How to complete this task =
Once you reach the line containing "#306=ORIENTED_EDGE('',*,*,#78,.F.);" in the entries below, write out that line and each one after it down to the line containing "#365=FACE_BOUND('',#364,.T.);", exactly and with nothing added.

+-------+

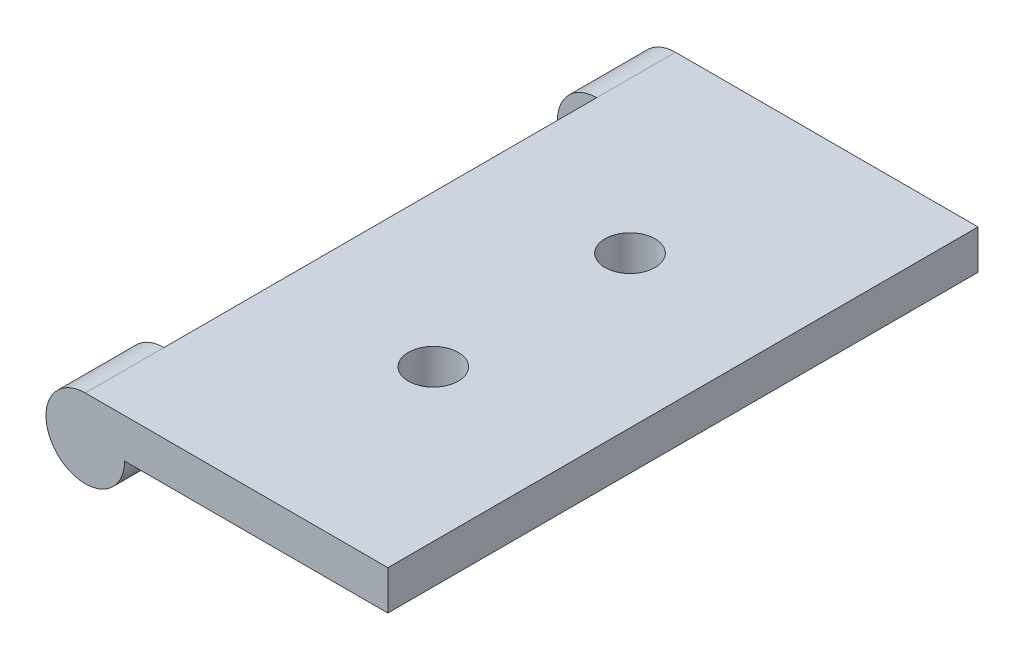
ISO-10303-21;
HEADER;
FILE_DESCRIPTION(('STEP AP214'),'2;1');
FILE_NAME('part.step','',(''),(''),'','','');
FILE_SCHEMA(('AUTOMOTIVE_DESIGN { 1 0 10303 214 1 1 1 1 }'));
ENDSEC;
DATA;
#1=APPLICATION_CONTEXT('core data for automotive mechanical design processes');
#2=APPLICATION_PROTOCOL_DEFINITION('international standard','automotive_design',2000,#1);
#3=PRODUCT_CONTEXT('',#1,'mechanical');
#4=PRODUCT('Part','Part','',(#3));
#5=PRODUCT_RELATED_PRODUCT_CATEGORY('part','',(#4));
#6=PRODUCT_DEFINITION_FORMATION('','',#4);
#7=PRODUCT_DEFINITION_CONTEXT('part definition',#1,'design');
#8=PRODUCT_DEFINITION('design','',#6,#7);
#9=PRODUCT_DEFINITION_SHAPE('','',#8);
#10=(LENGTH_UNIT() NAMED_UNIT(*) SI_UNIT(.MILLI.,.METRE.));
#11=(NAMED_UNIT(*) PLANE_ANGLE_UNIT() SI_UNIT($,.RADIAN.));
#12=(NAMED_UNIT(*) SI_UNIT($,.STERADIAN.) SOLID_ANGLE_UNIT());
#13=UNCERTAINTY_MEASURE_WITH_UNIT(LENGTH_MEASURE(1.E-05),#10,'distance_accuracy_value','');
#14=(GEOMETRIC_REPRESENTATION_CONTEXT(3) GLOBAL_UNCERTAINTY_ASSIGNED_CONTEXT((#13)) GLOBAL_UNIT_ASSIGNED_CONTEXT((#10,
#11,#12)) REPRESENTATION_CONTEXT('',''));
#15=CARTESIAN_POINT('',(0.,0.,0.));
#16=DIRECTION('',(0.,0.,1.));
#17=DIRECTION('',(1.,0.,0.));
#18=AXIS2_PLACEMENT_3D('',#15,#16,#17);
#19=CARTESIAN_POINT('',(44.2264973081033,0.,-75.));
#20=DIRECTION('',(0.,1.,0.));
#21=DIRECTION('',(-1.,0.,0.));
#22=AXIS2_PLACEMENT_3D('',#19,#20,#21);
#23=PLANE('',#22);
#24=CARTESIAN_POINT('',(25.,0.,-50.));
#25=DIRECTION('',(0.,1.,0.));
#26=DIRECTION('',(-1.,0.,0.));
#27=AXIS2_PLACEMENT_3D('',#24,#25,#26);
#28=CIRCLE('',#27,3.17500000000001);
#29=CARTESIAN_POINT('',(21.825,0.,-50.));
#30=VERTEX_POINT('',#29);
#31=EDGE_CURVE('E169',#30,#30,#28,.T.);
#32=ORIENTED_EDGE('',*,*,#31,.F.);
#33=EDGE_LOOP('',(#32));
#34=FACE_BOUND('',#33,.T.);
#35=CARTESIAN_POINT('',(25.,0.,-25.));
#36=DIRECTION('',(0.,1.,0.));
#37=DIRECTION('',(-1.,0.,0.));
#38=AXIS2_PLACEMENT_3D('',#35,#36,#37);
#39=CIRCLE('',#38,3.175);
#40=CARTESIAN_POINT('',(21.825,0.,-25.));
#41=VERTEX_POINT('',#40);
#42=EDGE_CURVE('E161',#41,#41,#39,.T.);
#43=ORIENTED_EDGE('',*,*,#42,.F.);
#44=EDGE_LOOP('',(#43));
#45=FACE_BOUND('',#44,.T.);
#46=DIRECTION('',(-1.,0.,0.));
#47=VECTOR('',#46,1.);
#48=CARTESIAN_POINT('',(44.2264973081033,0.,0.));
#49=LINE('',#48,#47);
#50=CARTESIAN_POINT('',(44.2264973081033,0.,0.));
#51=VERTEX_POINT('',#50);
#52=CARTESIAN_POINT('',(5.77350269189673,0.,0.));
#53=VERTEX_POINT('',#52);
#54=EDGE_CURVE('E131',#51,#53,#49,.T.);
#55=ORIENTED_EDGE('',*,*,#54,.F.);
#56=DIRECTION('',(0.,0.,1.));
#57=VECTOR('',#56,1.);
#58=CARTESIAN_POINT('',(44.2264973081033,0.,-75.));
#59=LINE('',#58,#57);
#60=CARTESIAN_POINT('',(44.2264973081033,0.,-75.));
#61=VERTEX_POINT('',#60);
#62=EDGE_CURVE('E144',#61,#51,#59,.T.);
#63=ORIENTED_EDGE('',*,*,#62,.F.);
#64=DIRECTION('',(-1.,0.,0.));
#65=VECTOR('',#64,1.);
#66=CARTESIAN_POINT('',(44.2264973081033,0.,-75.));
#67=LINE('',#66,#65);
#68=CARTESIAN_POINT('',(5.77350269189673,0.,-75.));
#69=VERTEX_POINT('',#68);
#70=EDGE_CURVE('E134',#61,#69,#67,.T.);
#71=ORIENTED_EDGE('',*,*,#70,.T.);
#72=DIRECTION('',(0.,0.,1.));
#73=VECTOR('',#72,1.);
#74=CARTESIAN_POINT('',(5.77350269189673,0.,-75.));
#75=LINE('',#74,#73);
#76=CARTESIAN_POINT('',(5.77350269189673,0.,-65.));
#77=VERTEX_POINT('',#76);
#78=EDGE_CURVE('E45',#69,#77,#75,.T.);
#79=ORIENTED_EDGE('',*,*,#78,.T.);
#80=CARTESIAN_POINT('',(5.77350269189673,0.,-10.));
#81=VERTEX_POINT('',#80);
#82=EDGE_CURVE('E93',#77,#81,#75,.T.);
#83=ORIENTED_EDGE('',*,*,#82,.T.);
#84=DIRECTION('',(0.,0.,1.));
#85=VECTOR('',#84,1.);
#86=CARTESIAN_POINT('',(5.77350269189673,0.,-9.99999999999998));
#87=LINE('',#86,#85);
#88=EDGE_CURVE('E121',#81,#53,#87,.T.);
#89=ORIENTED_EDGE('',*,*,#88,.T.);
#90=EDGE_LOOP('',(#55,#63,#71,#79,#83,#89));
#91=FACE_BOUND('',#90,.T.);
#92=ADVANCED_FACE('F37',(#34,#45,#91),#23,.T.);
#93=CARTESIAN_POINT('',(44.2264973081033,-5.,-75.));
#94=DIRECTION('',(1.,0.,0.));
#95=DIRECTION('',(0.,0.,-1.));
#96=AXIS2_PLACEMENT_3D('',#93,#94,#95);
#97=PLANE('',#96);
#98=DIRECTION('',(0.,1.,0.));
#99=VECTOR('',#98,1.);
#100=CARTESIAN_POINT('',(44.2264973081033,-5.,0.));
#101=LINE('',#100,#99);
#102=CARTESIAN_POINT('',(44.2264973081033,-5.,0.));
#103=VERTEX_POINT('',#102);
#104=EDGE_CURVE('E138',#103,#51,#101,.T.);
#105=ORIENTED_EDGE('',*,*,#104,.F.);
#106=DIRECTION('',(0.,0.,1.));
#107=VECTOR('',#106,1.);
#108=CARTESIAN_POINT('',(44.2264973081033,-5.,-75.));
#109=LINE('',#108,#107);
#110=CARTESIAN_POINT('',(44.2264973081033,-5.,-75.));
#111=VERTEX_POINT('',#110);
#112=EDGE_CURVE('E136',#111,#103,#109,.T.);
#113=ORIENTED_EDGE('',*,*,#112,.F.);
#114=DIRECTION('',(0.,1.,0.));
#115=VECTOR('',#114,1.);
#116=CARTESIAN_POINT('',(44.2264973081033,-5.,-75.));
#117=LINE('',#116,#115);
#118=EDGE_CURVE('E130',#111,#61,#117,.T.);
#119=ORIENTED_EDGE('',*,*,#118,.T.);
#120=ORIENTED_EDGE('',*,*,#62,.T.);
#121=EDGE_LOOP('',(#105,#113,#119,#120));
#122=FACE_BOUND('',#121,.T.);
#123=ADVANCED_FACE('F150',(#122),#97,.T.);
#124=CARTESIAN_POINT('',(5.77350269189673,-5.,-75.));
#125=DIRECTION('',(0.,-1.,0.));
#126=DIRECTION('',(1.,0.,0.));
#127=AXIS2_PLACEMENT_3D('',#124,#125,#126);
#128=PLANE('',#127);
#129=CARTESIAN_POINT('',(25.,-5.,-50.));
#130=DIRECTION('',(0.,-1.,0.));
#131=DIRECTION('',(1.,0.,0.));
#132=AXIS2_PLACEMENT_3D('',#129,#130,#131);
#133=CIRCLE('',#132,3.17500000000001);
#134=CARTESIAN_POINT('',(28.1750000000001,-5.,-50.));
#135=VERTEX_POINT('',#134);
#136=EDGE_CURVE('E172',#135,#135,#133,.T.);
#137=ORIENTED_EDGE('',*,*,#136,.F.);
#138=EDGE_LOOP('',(#137));
#139=FACE_BOUND('',#138,.T.);
#140=CARTESIAN_POINT('',(25.,-5.,-25.));
#141=DIRECTION('',(0.,-1.,0.));
#142=DIRECTION('',(1.,0.,0.));
#143=AXIS2_PLACEMENT_3D('',#140,#141,#142);
#144=CIRCLE('',#143,3.175);
#145=CARTESIAN_POINT('',(28.175,-5.,-25.));
#146=VERTEX_POINT('',#145);
#147=EDGE_CURVE('E164',#146,#146,#144,.T.);
#148=ORIENTED_EDGE('',*,*,#147,.F.);
#149=EDGE_LOOP('',(#148));
#150=FACE_BOUND('',#149,.T.);
#151=DIRECTION('',(0.,0.,1.));
#152=VECTOR('',#151,1.);
#153=CARTESIAN_POINT('',(10.7735026918967,-5.00000000000001,-65.));
#154=LINE('',#153,#152);
#155=CARTESIAN_POINT('',(10.7735026918967,-5.00000000000001,-65.));
#156=VERTEX_POINT('',#155);
#157=CARTESIAN_POINT('',(10.7735026918967,-5.00000000000001,-10.));
#158=VERTEX_POINT('',#157);
#159=EDGE_CURVE('E90',#156,#158,#154,.T.);
#160=ORIENTED_EDGE('',*,*,#159,.F.);
#161=DIRECTION('',(0.,0.,1.));
#162=VECTOR('',#161,1.);
#163=CARTESIAN_POINT('',(10.7735026918967,-5.00000000000001,-75.));
#164=LINE('',#163,#162);
#165=CARTESIAN_POINT('',(10.7735026918967,-5.,-75.));
#166=VERTEX_POINT('',#165);
#167=EDGE_CURVE('E59',#166,#156,#164,.T.);
#168=ORIENTED_EDGE('',*,*,#167,.F.);
#169=DIRECTION('',(1.,0.,0.));
#170=VECTOR('',#169,1.);
#171=CARTESIAN_POINT('',(5.77350269189673,-5.,-75.));
#172=LINE('',#171,#170);
#173=EDGE_CURVE('E128',#166,#111,#172,.T.);
#174=ORIENTED_EDGE('',*,*,#173,.T.);
#175=ORIENTED_EDGE('',*,*,#112,.T.);
#176=DIRECTION('',(1.,0.,0.));
#177=VECTOR('',#176,1.);
#178=CARTESIAN_POINT('',(5.77350269189673,-5.,0.));
#179=LINE('',#178,#177);
#180=CARTESIAN_POINT('',(10.7735026918967,-5.00000000000001,0.));
#181=VERTEX_POINT('',#180);
#182=EDGE_CURVE('E125',#181,#103,#179,.T.);
#183=ORIENTED_EDGE('',*,*,#182,.F.);
#184=DIRECTION('',(0.,0.,1.));
#185=VECTOR('',#184,1.);
#186=CARTESIAN_POINT('',(10.7735026918967,-5.00000000000001,-9.99999999999998));
#187=LINE('',#186,#185);
#188=EDGE_CURVE('E99',#158,#181,#187,.T.);
#189=ORIENTED_EDGE('',*,*,#188,.F.);
#190=EDGE_LOOP('',(#160,#168,#174,#175,#183,#189));
#191=FACE_BOUND('',#190,.T.);
#192=ADVANCED_FACE('F39',(#139,#150,#191),#128,.T.);
#193=CARTESIAN_POINT('',(5.77350269189673,-5.,-75.));
#194=DIRECTION('',(0.,0.,1.));
#195=DIRECTION('',(1.,0.,0.));
#196=AXIS2_PLACEMENT_3D('',#193,#194,#195);
#197=PLANE('',#196);
#198=ORIENTED_EDGE('',*,*,#173,.F.);
#199=CARTESIAN_POINT('',(5.77350269189674,-5.,-75.));
#200=DIRECTION('',(0.,0.,1.));
#201=DIRECTION('',(1.,0.,0.));
#202=AXIS2_PLACEMENT_3D('',#199,#200,#201);
#203=CIRCLE('',#202,5.);
#204=EDGE_CURVE('E109',#69,#166,#203,.T.);
#205=ORIENTED_EDGE('',*,*,#204,.F.);
#206=ORIENTED_EDGE('',*,*,#70,.F.);
#207=ORIENTED_EDGE('',*,*,#118,.F.);
#208=EDGE_LOOP('',(#198,#205,#206,#207));
#209=FACE_BOUND('',#208,.T.);
#210=ADVANCED_FACE('F180',(#209),#197,.F.);
#211=CARTESIAN_POINT('',(5.77350269189673,-5.,0.));
#212=DIRECTION('',(0.,0.,1.));
#213=DIRECTION('',(1.,0.,0.));
#214=AXIS2_PLACEMENT_3D('',#211,#212,#213);
#215=PLANE('',#214);
#216=CARTESIAN_POINT('',(5.77350269189674,-5.,0.));
#217=DIRECTION('',(0.,0.,1.));
#218=DIRECTION('',(1.,0.,0.));
#219=AXIS2_PLACEMENT_3D('',#216,#217,#218);
#220=CIRCLE('',#219,5.);
#221=EDGE_CURVE('E110',#53,#181,#220,.T.);
#222=ORIENTED_EDGE('',*,*,#221,.T.);
#223=ORIENTED_EDGE('',*,*,#182,.T.);
#224=ORIENTED_EDGE('',*,*,#104,.T.);
#225=ORIENTED_EDGE('',*,*,#54,.T.);
#226=EDGE_LOOP('',(#222,#223,#224,#225));
#227=FACE_BOUND('',#226,.T.);
#228=ADVANCED_FACE('F153',(#227),#215,.T.);
#229=CARTESIAN_POINT('',(5.77350269189674,-5.,-9.99999999999998));
#230=DIRECTION('',(0.,0.,1.));
#231=DIRECTION('',(1.,0.,0.));
#232=AXIS2_PLACEMENT_3D('',#229,#230,#231);
#233=CYLINDRICAL_SURFACE('',#232,5.);
#234=ORIENTED_EDGE('',*,*,#221,.F.);
#235=ORIENTED_EDGE('',*,*,#88,.F.);
#236=CARTESIAN_POINT('',(5.77350269189674,-5.,-9.99999999999998));
#237=DIRECTION('',(0.,0.,1.));
#238=DIRECTION('',(1.,0.,0.));
#239=AXIS2_PLACEMENT_3D('',#236,#237,#238);
#240=CIRCLE('',#239,5.);
#241=EDGE_CURVE('E118',#81,#158,#240,.T.);
#242=ORIENTED_EDGE('',*,*,#241,.T.);
#243=ORIENTED_EDGE('',*,*,#188,.T.);
#244=EDGE_LOOP('',(#234,#235,#242,#243));
#245=FACE_BOUND('',#244,.T.);
#246=ADVANCED_FACE('F158',(#245),#233,.T.);
#247=CARTESIAN_POINT('',(58.6754727752881,-369.292878629585,-9.99999999999998));
#248=DIRECTION('',(0.,0.,1.));
#249=DIRECTION('',(1.,0.,0.));
#250=AXIS2_PLACEMENT_3D('',#247,#248,#249);
#251=PLANE('',#250);
#252=CARTESIAN_POINT('',(5.77350269189673,-5.,-9.99999999999998));
#253=DIRECTION('',(0.,0.,1.));
#254=DIRECTION('',(1.,0.,0.));
#255=AXIS2_PLACEMENT_3D('',#252,#253,#254);
#256=CIRCLE('',#255,2.5);
#257=CARTESIAN_POINT('',(8.27350269189673,-5.,-9.99999999999998));
#258=VERTEX_POINT('',#257);
#259=EDGE_CURVE('E11',#258,#258,#256,.T.);
#260=ORIENTED_EDGE('',*,*,#259,.T.);
#261=EDGE_LOOP('',(#260));
#262=FACE_BOUND('',#261,.T.);
#263=ORIENTED_EDGE('',*,*,#241,.F.);
#264=CARTESIAN_POINT('',(5.77350269189674,-5.,-10.));
#265=DIRECTION('',(0.,0.,1.));
#266=DIRECTION('',(1.,0.,0.));
#267=AXIS2_PLACEMENT_3D('',#264,#265,#266);
#268=CIRCLE('',#267,5.);
#269=EDGE_CURVE('E95',#158,#81,#268,.T.);
#270=ORIENTED_EDGE('',*,*,#269,.F.);
#271=EDGE_LOOP('',(#263,#270));
#272=FACE_BOUND('',#271,.T.);
#273=ADVANCED_FACE('F160',(#262,#272),#251,.F.);
#274=CARTESIAN_POINT('',(5.77350269189673,-5.,-75.));
#275=DIRECTION('',(0.,0.,1.));
#276=DIRECTION('',(1.,0.,0.));
#277=AXIS2_PLACEMENT_3D('',#274,#275,#276);
#278=CYLINDRICAL_SURFACE('',#277,2.5);
#279=ORIENTED_EDGE('',*,*,#259,.F.);
#280=EDGE_LOOP('',(#279));
#281=FACE_BOUND('',#280,.T.);
#282=CARTESIAN_POINT('',(5.77350269189673,-5.,-65.));
#283=DIRECTION('',(0.,0.,1.));
#284=DIRECTION('',(1.,0.,0.));
#285=AXIS2_PLACEMENT_3D('',#282,#283,#284);
#286=CIRCLE('',#285,2.5);
#287=CARTESIAN_POINT('',(8.27350269189673,-5.,-65.));
#288=VERTEX_POINT('',#287);
#289=EDGE_CURVE('E100',#288,#288,#286,.T.);
#290=ORIENTED_EDGE('',*,*,#289,.T.);
#291=EDGE_LOOP('',(#290));
#292=FACE_BOUND('',#291,.T.);
#293=ADVANCED_FACE('F212',(#281,#292),#278,.T.);
#294=CARTESIAN_POINT('',(5.77350269189674,-5.,-75.));
#295=DIRECTION('',(0.,0.,1.));
#296=DIRECTION('',(1.,0.,0.));
#297=AXIS2_PLACEMENT_3D('',#294,#295,#296);
#298=CYLINDRICAL_SURFACE('',#297,5.);
#299=CARTESIAN_POINT('',(5.77350269189674,-5.,-65.));
#300=DIRECTION('',(0.,0.,1.));
#301=DIRECTION('',(1.,0.,0.));
#302=AXIS2_PLACEMENT_3D('',#299,#300,#301);
#303=CIRCLE('',#302,5.);
#304=EDGE_CURVE('E107',#77,#156,#303,.T.);
#305=ORIENTED_EDGE('',*,*,#304,.F.);
#306=ORIENTED_EDGE('',*,*,#78,.F.);
#307=ORIENTED_EDGE('',*,*,#204,.T.);
#308=ORIENTED_EDGE('',*,*,#167,.T.);
#309=EDGE_LOOP('',(#305,#306,#307,#308));
#310=FACE_BOUND('',#309,.T.);
#311=ADVANCED_FACE('F105',(#310),#298,.T.);
#312=CARTESIAN_POINT('',(58.6754727752881,-369.292878629585,-65.));
#313=DIRECTION('',(0.,0.,1.));
#314=DIRECTION('',(1.,0.,0.));
#315=AXIS2_PLACEMENT_3D('',#312,#313,#314);
#316=PLANE('',#315);
#317=ORIENTED_EDGE('',*,*,#289,.F.);
#318=EDGE_LOOP('',(#317));
#319=FACE_BOUND('',#318,.T.);
#320=CARTESIAN_POINT('',(5.77350269189674,-5.,-65.));
#321=DIRECTION('',(0.,0.,1.));
#322=DIRECTION('',(1.,0.,0.));
#323=AXIS2_PLACEMENT_3D('',#320,#321,#322);
#324=CIRCLE('',#323,5.);
#325=EDGE_CURVE('E51',#156,#77,#324,.T.);
#326=ORIENTED_EDGE('',*,*,#325,.T.);
#327=ORIENTED_EDGE('',*,*,#304,.T.);
#328=EDGE_LOOP('',(#326,#327));
#329=FACE_BOUND('',#328,.T.);
#330=ADVANCED_FACE('F112',(#319,#329),#316,.T.);
#331=CARTESIAN_POINT('',(5.77350269189674,-5.,-65.));
#332=DIRECTION('',(0.,0.,1.));
#333=DIRECTION('',(1.,0.,0.));
#334=AXIS2_PLACEMENT_3D('',#331,#332,#333);
#335=CYLINDRICAL_SURFACE('',#334,5.);
#336=ORIENTED_EDGE('',*,*,#269,.T.);
#337=ORIENTED_EDGE('',*,*,#82,.F.);
#338=ORIENTED_EDGE('',*,*,#325,.F.);
#339=ORIENTED_EDGE('',*,*,#159,.T.);
#340=EDGE_LOOP('',(#336,#337,#338,#339));
#341=FACE_BOUND('',#340,.T.);
#342=ADVANCED_FACE('F89',(#341),#335,.F.);
#343=CARTESIAN_POINT('',(25.,50.,-25.));
#344=DIRECTION('',(0.,-1.,0.));
#345=DIRECTION('',(1.,0.,0.));
#346=AXIS2_PLACEMENT_3D('',#343,#344,#345);
#347=CYLINDRICAL_SURFACE('',#346,3.175);
#348=ORIENTED_EDGE('',*,*,#42,.T.);
#349=EDGE_LOOP('',(#348));
#350=FACE_BOUND('',#349,.T.);
#351=ORIENTED_EDGE('',*,*,#147,.T.);
#352=EDGE_LOOP('',(#351));
#353=FACE_BOUND('',#352,.T.);
#354=ADVANCED_FACE('F183',(#350,#353),#347,.F.);
#355=CARTESIAN_POINT('',(25.,50.,-50.));
#356=DIRECTION('',(0.,-1.,0.));
#357=DIRECTION('',(1.,0.,0.));
#358=AXIS2_PLACEMENT_3D('',#355,#356,#357);
#359=CYLINDRICAL_SURFACE('',#358,3.17500000000001);
#360=ORIENTED_EDGE('',*,*,#31,.T.);
#361=EDGE_LOOP('',(#360));
#362=FACE_BOUND('',#361,.T.);
#363=ORIENTED_EDGE('',*,*,#136,.T.);
#364=EDGE_LOOP('',(#363));
#365=FACE_BOUND('',#364,.T.);
#366=ADVANCED_FACE('F176',(#362,#365),#359,.F.);
#367=CLOSED_SHELL('',(#92,#123,#192,#210,#228,#246,#273,#293,#311,#330,#342,#354,#366));
#368=MANIFOLD_SOLID_BREP('B2',#367);
#369=ADVANCED_BREP_SHAPE_REPRESENTATION('',(#18,#368),#14);
#370=SHAPE_DEFINITION_REPRESENTATION(#9,#369);
ENDSEC;
END-ISO-10303-21;

+-------+

Task result =
#306=ORIENTED_EDGE('',*,*,#78,.F.);
#307=ORIENTED_EDGE('',*,*,#204,.T.);
#308=ORIENTED_EDGE('',*,*,#167,.T.);
#309=EDGE_LOOP('',(#305,#306,#307,#308));
#310=FACE_BOUND('',#309,.T.);
#311=ADVANCED_FACE('F105',(#310),#298,.T.);
#312=CARTESIAN_POINT('',(58.6754727752881,-369.292878629585,-65.));
#313=DIRECTION('',(0.,0.,1.));
#314=DIRECTION('',(1.,0.,0.));
#315=AXIS2_PLACEMENT_3D('',#312,#313,#314);
#316=PLANE('',#315);
#317=ORIENTED_EDGE('',*,*,#289,.F.);
#318=EDGE_LOOP('',(#317));
#319=FACE_BOUND('',#318,.T.);
#320=CARTESIAN_POINT('',(5.77350269189674,-5.,-65.));
#321=DIRECTION('',(0.,0.,1.));
#322=DIRECTION('',(1.,0.,0.));
#323=AXIS2_PLACEMENT_3D('',#320,#321,#322);
#324=CIRCLE('',#323,5.);
#325=EDGE_CURVE('E51',#156,#77,#324,.T.);
#326=ORIENTED_EDGE('',*,*,#325,.T.);
#327=ORIENTED_EDGE('',*,*,#304,.T.);
#328=EDGE_LOOP('',(#326,#327));
#329=FACE_BOUND('',#328,.T.);
#330=ADVANCED_FACE('F112',(#319,#329),#316,.T.);
#331=CARTESIAN_POINT('',(5.77350269189674,-5.,-65.));
#332=DIRECTION('',(0.,0.,1.));
#333=DIRECTION('',(1.,0.,0.));
#334=AXIS2_PLACEMENT_3D('',#331,#332,#333);
#335=CYLINDRICAL_SURFACE('',#334,5.);
#336=ORIENTED_EDGE('',*,*,#269,.T.);
#337=ORIENTED_EDGE('',*,*,#82,.F.);
#338=ORIENTED_EDGE('',*,*,#325,.F.);
#339=ORIENTED_EDGE('',*,*,#159,.T.);
#340=EDGE_LOOP('',(#336,#337,#338,#339));
#341=FACE_BOUND('',#340,.T.);
#342=ADVANCED_FACE('F89',(#341),#335,.F.);
#343=CARTESIAN_POINT('',(25.,50.,-25.));
#344=DIRECTION('',(0.,-1.,0.));
#345=DIRECTION('',(1.,0.,0.));
#346=AXIS2_PLACEMENT_3D('',#343,#344,#345);
#347=CYLINDRICAL_SURFACE('',#346,3.175);
#348=ORIENTED_EDGE('',*,*,#42,.T.);
#349=EDGE_LOOP('',(#348));
#350=FACE_BOUND('',#349,.T.);
#351=ORIENTED_EDGE('',*,*,#147,.T.);
#352=EDGE_LOOP('',(#351));
#353=FACE_BOUND('',#352,.T.);
#354=ADVANCED_FACE('F183',(#350,#353),#347,.F.);
#355=CARTESIAN_POINT('',(25.,50.,-50.));
#356=DIRECTION('',(0.,-1.,0.));
#357=DIRECTION('',(1.,0.,0.));
#358=AXIS2_PLACEMENT_3D('',#355,#356,#357);
#359=CYLINDRICAL_SURFACE('',#358,3.17500000000001);
#360=ORIENTED_EDGE('',*,*,#31,.T.);
#361=EDGE_LOOP('',(#360));
#362=FACE_BOUND('',#361,.T.);
#363=ORIENTED_EDGE('',*,*,#136,.T.);
#364=EDGE_LOOP('',(#363));
#365=FACE_BOUND('',#364,.T.);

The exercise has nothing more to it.